54and looked out. Mens Jackets North Face
Nasmyth, camebetween me and Miss Temple: I saw her in her travelling dressstep into a postchaise, shortly after the marriage ceremony; Iwatched the chaise mount the hill and disappear beyond its brow;and then retired to my own room, and there spent in solitude thegreatest part of the halfholiday granted in honour of the occasion.I walked about the chamber most of the time.
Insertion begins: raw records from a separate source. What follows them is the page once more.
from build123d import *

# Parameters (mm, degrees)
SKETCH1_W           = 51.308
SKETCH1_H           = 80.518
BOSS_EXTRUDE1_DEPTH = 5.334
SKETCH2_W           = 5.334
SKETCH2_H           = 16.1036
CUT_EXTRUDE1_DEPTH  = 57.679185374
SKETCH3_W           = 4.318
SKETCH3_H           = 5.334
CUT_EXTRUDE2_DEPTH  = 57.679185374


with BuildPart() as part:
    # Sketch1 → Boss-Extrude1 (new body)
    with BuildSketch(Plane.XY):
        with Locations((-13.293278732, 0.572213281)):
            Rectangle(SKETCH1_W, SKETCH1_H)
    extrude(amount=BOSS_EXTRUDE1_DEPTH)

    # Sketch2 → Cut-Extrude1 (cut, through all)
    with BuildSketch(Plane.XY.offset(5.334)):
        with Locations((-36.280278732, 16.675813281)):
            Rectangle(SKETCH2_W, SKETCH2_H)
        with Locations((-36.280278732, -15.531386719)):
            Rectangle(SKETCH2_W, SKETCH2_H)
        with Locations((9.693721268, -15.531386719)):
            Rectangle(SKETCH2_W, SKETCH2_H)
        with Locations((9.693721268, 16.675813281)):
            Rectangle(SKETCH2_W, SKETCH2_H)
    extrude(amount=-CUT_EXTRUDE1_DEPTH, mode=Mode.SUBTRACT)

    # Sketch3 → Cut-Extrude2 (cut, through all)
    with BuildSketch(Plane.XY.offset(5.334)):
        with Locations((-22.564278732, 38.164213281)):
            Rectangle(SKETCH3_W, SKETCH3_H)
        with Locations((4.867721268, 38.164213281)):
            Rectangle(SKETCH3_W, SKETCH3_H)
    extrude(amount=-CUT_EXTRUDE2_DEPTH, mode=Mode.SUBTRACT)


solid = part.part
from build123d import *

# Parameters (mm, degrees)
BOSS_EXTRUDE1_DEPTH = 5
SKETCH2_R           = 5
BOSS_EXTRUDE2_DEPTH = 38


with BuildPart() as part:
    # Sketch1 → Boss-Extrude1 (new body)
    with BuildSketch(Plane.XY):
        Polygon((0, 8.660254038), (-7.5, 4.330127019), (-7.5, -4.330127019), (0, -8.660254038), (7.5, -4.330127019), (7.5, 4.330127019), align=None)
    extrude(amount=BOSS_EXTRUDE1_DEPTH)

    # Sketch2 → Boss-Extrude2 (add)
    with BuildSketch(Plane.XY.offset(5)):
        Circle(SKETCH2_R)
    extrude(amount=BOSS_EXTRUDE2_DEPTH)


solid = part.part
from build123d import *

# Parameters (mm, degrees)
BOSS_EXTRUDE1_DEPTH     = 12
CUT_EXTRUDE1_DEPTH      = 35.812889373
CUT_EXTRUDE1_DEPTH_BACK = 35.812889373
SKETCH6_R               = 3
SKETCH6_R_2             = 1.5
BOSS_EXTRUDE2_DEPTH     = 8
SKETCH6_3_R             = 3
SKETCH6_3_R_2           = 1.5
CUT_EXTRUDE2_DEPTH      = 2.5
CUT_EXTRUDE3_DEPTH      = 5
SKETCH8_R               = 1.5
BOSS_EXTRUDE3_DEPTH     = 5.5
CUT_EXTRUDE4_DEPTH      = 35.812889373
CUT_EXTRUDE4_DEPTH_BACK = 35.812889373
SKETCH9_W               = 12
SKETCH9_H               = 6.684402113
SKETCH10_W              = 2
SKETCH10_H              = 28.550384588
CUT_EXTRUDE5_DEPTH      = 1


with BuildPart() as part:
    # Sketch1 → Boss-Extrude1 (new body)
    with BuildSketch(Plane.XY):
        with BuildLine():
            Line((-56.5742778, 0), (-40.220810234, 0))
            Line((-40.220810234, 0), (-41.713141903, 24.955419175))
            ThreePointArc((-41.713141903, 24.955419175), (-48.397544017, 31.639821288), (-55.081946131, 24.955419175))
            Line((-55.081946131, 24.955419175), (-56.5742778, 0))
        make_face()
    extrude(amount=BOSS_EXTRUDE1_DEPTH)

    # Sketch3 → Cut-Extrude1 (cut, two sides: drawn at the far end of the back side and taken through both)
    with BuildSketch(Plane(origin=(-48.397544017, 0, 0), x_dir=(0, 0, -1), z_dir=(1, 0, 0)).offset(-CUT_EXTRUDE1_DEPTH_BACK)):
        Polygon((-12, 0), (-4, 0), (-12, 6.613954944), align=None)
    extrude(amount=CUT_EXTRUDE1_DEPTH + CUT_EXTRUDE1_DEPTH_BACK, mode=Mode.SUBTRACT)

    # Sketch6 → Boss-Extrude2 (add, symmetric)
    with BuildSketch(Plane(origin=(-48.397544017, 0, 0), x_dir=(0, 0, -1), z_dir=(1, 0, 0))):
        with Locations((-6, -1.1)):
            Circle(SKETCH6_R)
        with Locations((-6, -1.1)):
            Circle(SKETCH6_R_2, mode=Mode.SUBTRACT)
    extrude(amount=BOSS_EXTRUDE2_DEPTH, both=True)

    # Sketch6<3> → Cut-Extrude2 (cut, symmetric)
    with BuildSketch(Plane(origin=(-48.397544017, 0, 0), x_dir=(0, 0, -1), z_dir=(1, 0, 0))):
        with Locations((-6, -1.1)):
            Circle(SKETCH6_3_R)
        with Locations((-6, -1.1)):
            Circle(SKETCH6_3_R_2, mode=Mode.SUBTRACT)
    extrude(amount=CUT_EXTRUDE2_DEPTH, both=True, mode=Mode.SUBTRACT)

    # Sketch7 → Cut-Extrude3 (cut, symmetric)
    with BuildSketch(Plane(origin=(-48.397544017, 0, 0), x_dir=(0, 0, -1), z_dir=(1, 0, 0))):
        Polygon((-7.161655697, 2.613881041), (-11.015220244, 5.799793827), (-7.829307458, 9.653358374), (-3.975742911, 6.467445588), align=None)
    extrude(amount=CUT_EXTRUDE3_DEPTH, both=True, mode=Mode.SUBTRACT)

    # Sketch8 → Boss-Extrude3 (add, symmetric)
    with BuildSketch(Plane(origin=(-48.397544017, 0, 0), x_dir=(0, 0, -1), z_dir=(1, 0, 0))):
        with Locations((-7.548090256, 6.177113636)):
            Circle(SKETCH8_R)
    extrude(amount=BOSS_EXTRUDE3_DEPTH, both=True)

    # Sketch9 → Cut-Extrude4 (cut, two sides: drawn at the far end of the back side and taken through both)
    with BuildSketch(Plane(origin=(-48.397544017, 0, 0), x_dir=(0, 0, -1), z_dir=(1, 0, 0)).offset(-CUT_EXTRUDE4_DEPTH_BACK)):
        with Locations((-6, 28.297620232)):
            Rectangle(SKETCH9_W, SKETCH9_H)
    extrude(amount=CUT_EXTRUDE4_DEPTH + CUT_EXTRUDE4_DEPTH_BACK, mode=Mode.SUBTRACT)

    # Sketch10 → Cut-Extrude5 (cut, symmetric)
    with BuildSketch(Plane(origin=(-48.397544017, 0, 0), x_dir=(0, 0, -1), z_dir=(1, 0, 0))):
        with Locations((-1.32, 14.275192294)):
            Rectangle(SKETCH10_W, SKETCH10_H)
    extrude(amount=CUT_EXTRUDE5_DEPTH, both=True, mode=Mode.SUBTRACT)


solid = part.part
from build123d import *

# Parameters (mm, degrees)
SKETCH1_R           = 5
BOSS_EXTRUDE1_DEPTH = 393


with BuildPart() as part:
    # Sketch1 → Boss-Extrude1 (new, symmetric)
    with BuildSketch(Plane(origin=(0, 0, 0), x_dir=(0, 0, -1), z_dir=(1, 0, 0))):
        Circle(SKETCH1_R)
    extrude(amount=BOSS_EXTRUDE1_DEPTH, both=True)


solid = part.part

I imagined myselfonly to be regretting my loss, and thinking how to repair it; butwhen my reflections were concluded, and I looked up and foundthat the afternoon was gone, and evening far advanced, anotherdiscovery dawned on me, namely, that in the interval I hadundergone a transforming process; that my mind had put off all ithad borrowed of Miss Temple—or rather that she had taken withher the serene atmosphere I had been breathing in her vicinity—and that now I was left in my natural element, and beginning tofeel the stirring of old emotions. It did not seem as if a prop werewithdrawn, but rather as if a motive were gone: it was not thepower to be tranquil which had failed me, but the reason fortranquillity was no more. My world had for some years been inLowood: my experience had been of its rules and systems; now Iremembered that the real world was wide, and that a varied fieldof hopes and fears, of sensations and excitements, awaited thosewho had courage to go forth into its expanse, to seek realknowledge of life amidst its perils.I went to my window, opened it, and looked out. Mens Jackets North Face
There were theCharlotte Bront. ElecBook ClassicsJane Eyre two wings of the building; there was the garden; there were theskirts of Lowood; there was the hilly horizon. My eye passed allother objects to rest on those most remote, the blue peaks; it wasthose I longed to surmount; all within their boundary of rock andheath seemed prisonground, exile limits. I traced the white roadwinding round the base of one mountain, and vanishing in a gorgebetween two; how I longed to follow it farther! I recalled the timewhen I had travelled that very road in a coach; I remembereddescending that hill at twilight; an age seemed to have elapsedsince the day which brought me first to Lowood, and I had neverquitted it since. My vacations had all been spent at school: Mrs.Reed had never sent for me to Gateshead; neither she nor any ofher family had ever been to visit me. Men's Jackets I had had no communicationby letter or message with the outer world: schoolrules, schoolduties, schoolhabits and notions, and voices, and faces, andphrases, and costumes, and preferences, and antipathies—suchwas what I knew of existence. And now I felt that it was notenough; I tired of the routine of eight years in one afternoon. Idesired liberty; for liberty I gasped; for liberty I uttered a prayer; itseemed scattered on the wind then faintly blowing. I abandoned itand framed a humbler supplication; for change, stimulus: thatpetition, too, seemed swept off into vague space: “Then,” I cried,half desperate, “grant me at least a new servitude!”Here a bell, ringing the hour of supper, called me downstairs.I was not free to resume the interrupted chain of my reflectionstill bedtime: even then a teacher who occupied the same roomwith me kept me from the subject to which I longed to recur, by aprolonged effusion of small talk. How I wished sleep would silenceher. North Face Arctic Fleece Ski Mens Jackets
It seemed as if, could I but go back to the idea which had lastCharlotte Bront. ElecBook ClassicsJane Eyre entered my mind as I stood at the window, some inventivesuggestion would rise for my relief.Miss Gryce snored at last; she was a heavy Welshwoman, andtill now her habitual nasal strains had never been regarded by mein any other light than as a nuisance; tonight I hailed the firstdeep notes with satisfaction; I was debarrassed of interruption; myhalfeffaced thought instantly revived.“A new servitude! There is something in that,” I soliloquised(mentally, be it understood; I did not talk aloud), “I know there is,because it does not sound too sweet; it is not like such words asLiberty, Excitement, Enjoyment: delightful sounds truly; but nomore than sounds for me; and so hollow and fleeting that it ismere waste of time to listen to them. But Servitude! That must bematter of fact. Any one may serve: I have served here eight years;now all I want is to serve elsewhere.